If you take the numbers shown above you will see that the variable chosen will be evaluated to true (because 14 mio. < 161 mio.) so the second plan is taken.


code changes

By comparing the sources of the two products one can see a lot of similarities. In the old post I compared the results (and only these) with MySQL 5.5.8. When I look into the code of this version I can see almost identical software to MariaDB 10.0.102). This differs a bit with MySQL 5.6.22. In the newer version the programmers at Oracle started to rearrange source-files, introduced new classes like Optimize_table_order, moved exisiting code to some member-functions of this class etc.

So the code is is diverging, but it still has a lot of similarities. But it looks like this will change.

I don't want to judge the changes made. In both products the software has evolved over time, together with these rearrangements I expect more deviations to come.

reviewing the numbers

If you compare the cost-values computed and the time spent for executing a statement you will see a big difference: the optimizer prefers the combination TestBig->TestSmall by a big difference (factor 11 approx.), whereas in practice the opposite plan is much, much faster (factor 40 approx.). Obviously something went wrong in the calculations.

The calculations are based mainly on two numbers:
  • how long does it take to read a table sequentially?
  • how many records have to be read via an index?
Reading a table by a full table-scan is computed to a value of 6,127 (table TestSmall) and 211,613 (table TestgBig). These numbers are returned by the function scan_time(). As our tables are of type MyISAM and this function is not implemented in this storage-engine the function in the base-class is called and it looks like this:
  virtual double scan_time()
  { return ulonglong2double(stats.data_file_length) / IO_SIZE + 2; }
So the length of the MYD-file is taken for computing these numbers3) 4).

For accessing the corresponding records via the index this formula is used: take the number of records in table A and multiply it with the expected number of records in table B for one entry in the index. In numbers this means:
  • 134,864,128 = 301,036 * 448 = (number of records in TestSmall) * (expected number of records for one entry in index in TestBig)
  • 10,000,000 = 10,000,000 * 1 = (number of records in TestBig) * (expected number of records for one entry in index in TestSmall)
and this part of the computation results in the big difference in the cost-values.

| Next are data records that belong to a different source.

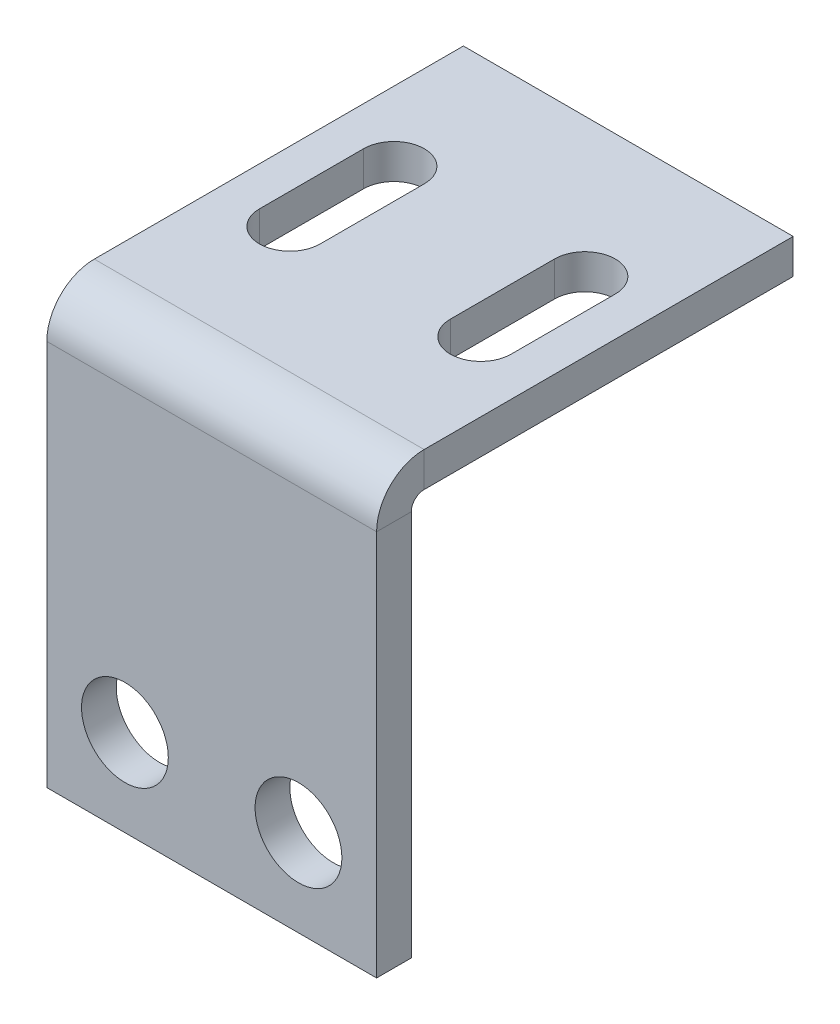
ISO-10303-21;
HEADER;
FILE_DESCRIPTION(('STEP AP214'),'2;1');
FILE_NAME('part.step','',(''),(''),'','','');
FILE_SCHEMA(('AUTOMOTIVE_DESIGN { 1 0 10303 214 1 1 1 1 }'));
ENDSEC;
DATA;
#1=APPLICATION_CONTEXT('core data for automotive mechanical design processes');
#2=APPLICATION_PROTOCOL_DEFINITION('international standard','automotive_design',2000,#1);
#3=PRODUCT_CONTEXT('',#1,'mechanical');
#4=PRODUCT('Part','Part','',(#3));
#5=PRODUCT_RELATED_PRODUCT_CATEGORY('part','',(#4));
#6=PRODUCT_DEFINITION_FORMATION('','',#4);
#7=PRODUCT_DEFINITION_CONTEXT('part definition',#1,'design');
#8=PRODUCT_DEFINITION('design','',#6,#7);
#9=PRODUCT_DEFINITION_SHAPE('','',#8);
#10=(LENGTH_UNIT() NAMED_UNIT(*) SI_UNIT(.MILLI.,.METRE.));
#11=(NAMED_UNIT(*) PLANE_ANGLE_UNIT() SI_UNIT($,.RADIAN.));
#12=(NAMED_UNIT(*) SI_UNIT($,.STERADIAN.) SOLID_ANGLE_UNIT());
#13=UNCERTAINTY_MEASURE_WITH_UNIT(LENGTH_MEASURE(1.E-05),#10,'distance_accuracy_value','');
#14=(GEOMETRIC_REPRESENTATION_CONTEXT(3) GLOBAL_UNCERTAINTY_ASSIGNED_CONTEXT((#13)) GLOBAL_UNIT_ASSIGNED_CONTEXT((#10,
#11,#12)) REPRESENTATION_CONTEXT('',''));
#15=CARTESIAN_POINT('',(0.,0.,0.));
#16=DIRECTION('',(0.,0.,1.));
#17=DIRECTION('',(1.,0.,0.));
#18=AXIS2_PLACEMENT_3D('',#15,#16,#17);
#19=CARTESIAN_POINT('',(9.49999999999998,12.5,-2.));
#20=DIRECTION('',(1.,0.,0.));
#21=DIRECTION('',(0.,1.,0.));
#22=AXIS2_PLACEMENT_3D('',#19,#20,#21);
#23=PLANE('',#22);
#24=DIRECTION('',(0.,1.,0.));
#25=VECTOR('',#24,1.);
#26=CARTESIAN_POINT('',(9.49999999999998,12.5,-2.));
#27=LINE('',#26,#25);
#28=CARTESIAN_POINT('',(9.49999999999998,-12.5,-2.));
#29=VERTEX_POINT('',#28);
#30=CARTESIAN_POINT('',(9.49999999999998,9.76339999999996,-2.));
#31=VERTEX_POINT('',#30);
#32=EDGE_CURVE('E279',#29,#31,#27,.T.);
#33=ORIENTED_EDGE('',*,*,#32,.T.);
#34=DIRECTION('',(0.,0.,1.));
#35=VECTOR('',#34,1.);
#36=CARTESIAN_POINT('',(9.49999999999998,9.76339999999996,-2.));
#37=LINE('',#36,#35);
#38=CARTESIAN_POINT('',(9.49999999999998,9.76339999999996,0.));
#39=VERTEX_POINT('',#38);
#40=EDGE_CURVE('E251',#31,#39,#37,.T.);
#41=ORIENTED_EDGE('',*,*,#40,.T.);
#42=DIRECTION('',(0.,1.,0.));
#43=VECTOR('',#42,1.);
#44=CARTESIAN_POINT('',(9.49999999999998,12.5,0.));
#45=LINE('',#44,#43);
#46=CARTESIAN_POINT('',(9.49999999999998,-12.5,0.));
#47=VERTEX_POINT('',#46);
#48=EDGE_CURVE('E276',#47,#39,#45,.T.);
#49=ORIENTED_EDGE('',*,*,#48,.F.);
#50=DIRECTION('',(0.,0.,1.));
#51=VECTOR('',#50,1.);
#52=CARTESIAN_POINT('',(9.49999999999998,-12.5,-2.));
#53=LINE('',#52,#51);
#54=EDGE_CURVE('E295',#29,#47,#53,.T.);
#55=ORIENTED_EDGE('',*,*,#54,.F.);
#56=EDGE_LOOP('',(#33,#41,#49,#55));
#57=FACE_BOUND('',#56,.T.);
#58=ADVANCED_FACE('F54',(#57),#23,.T.);
#59=CARTESIAN_POINT('',(9.49999999999998,-12.5,-2.));
#60=DIRECTION('',(0.,0.,1.));
#61=DIRECTION('',(1.,0.,0.));
#62=AXIS2_PLACEMENT_3D('',#59,#60,#61);
#63=PLANE('',#62);
#64=CARTESIAN_POINT('',(-5.00000000000002,-7.50000000000004,-2.));
#65=DIRECTION('',(0.,0.,1.));
#66=DIRECTION('',(1.,0.,0.));
#67=AXIS2_PLACEMENT_3D('',#64,#65,#66);
#68=CIRCLE('',#67,2.5);
#69=CARTESIAN_POINT('',(-2.50000000000002,-7.50000000000004,-2.));
#70=VERTEX_POINT('',#69);
#71=EDGE_CURVE('E273',#70,#70,#68,.T.);
#72=ORIENTED_EDGE('',*,*,#71,.T.);
#73=EDGE_LOOP('',(#72));
#74=FACE_BOUND('',#73,.T.);
#75=CARTESIAN_POINT('',(4.99999999999998,-7.50000000000004,-2.));
#76=DIRECTION('',(0.,0.,1.));
#77=DIRECTION('',(1.,0.,0.));
#78=AXIS2_PLACEMENT_3D('',#75,#76,#77);
#79=CIRCLE('',#78,2.5);
#80=CARTESIAN_POINT('',(7.49999999999998,-7.50000000000004,-2.));
#81=VERTEX_POINT('',#80);
#82=EDGE_CURVE('E267',#81,#81,#79,.T.);
#83=ORIENTED_EDGE('',*,*,#82,.T.);
#84=EDGE_LOOP('',(#83));
#85=FACE_BOUND('',#84,.T.);
#86=DIRECTION('',(1.,0.,0.));
#87=VECTOR('',#86,1.);
#88=CARTESIAN_POINT('',(9.49999999999998,9.76339999999996,-2.));
#89=LINE('',#88,#87);
#90=CARTESIAN_POINT('',(-9.50000000000002,9.76339999999996,-2.));
#91=VERTEX_POINT('',#90);
#92=EDGE_CURVE('E257',#31,#91,#89,.F.);
#93=ORIENTED_EDGE('',*,*,#92,.F.);
#94=ORIENTED_EDGE('',*,*,#32,.F.);
#95=DIRECTION('',(1.,0.,0.));
#96=VECTOR('',#95,1.);
#97=CARTESIAN_POINT('',(-9.50000000000002,-12.5,-2.));
#98=LINE('',#97,#96);
#99=CARTESIAN_POINT('',(-9.50000000000002,-12.5,-2.));
#100=VERTEX_POINT('',#99);
#101=EDGE_CURVE('E285',#100,#29,#98,.T.);
#102=ORIENTED_EDGE('',*,*,#101,.F.);
#103=DIRECTION('',(0.,-1.,0.));
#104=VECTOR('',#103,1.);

Looking at the time needed for the two statements it look like the balance between cost of a table-scan and cost of an index-access is disturbed. This maybe different in other storage-engines. Maybe it was in balance in the past but at least on my machine here it's totally wrong. More research on this is needed.

correctness

This text is still a simplified presentation of what's going on in the software. In case something is wrong with my description please use the mail-function of this site and send me a mail describing my error. I will look at it. Thanks.


some notes:
1) as before: the calculations are done as floating-point numbers, but I will present only the integer-part.
2) please restrict this statement to the optimizer-part of the software. I didn't inspect the whole code-base.
3) IO_SIZE has a value of 4,066, the file-sizes are 25,090,360 (=table TestSmall) and 866,761,264 (=table TestBig).
4) other storage-engines may handle this differently.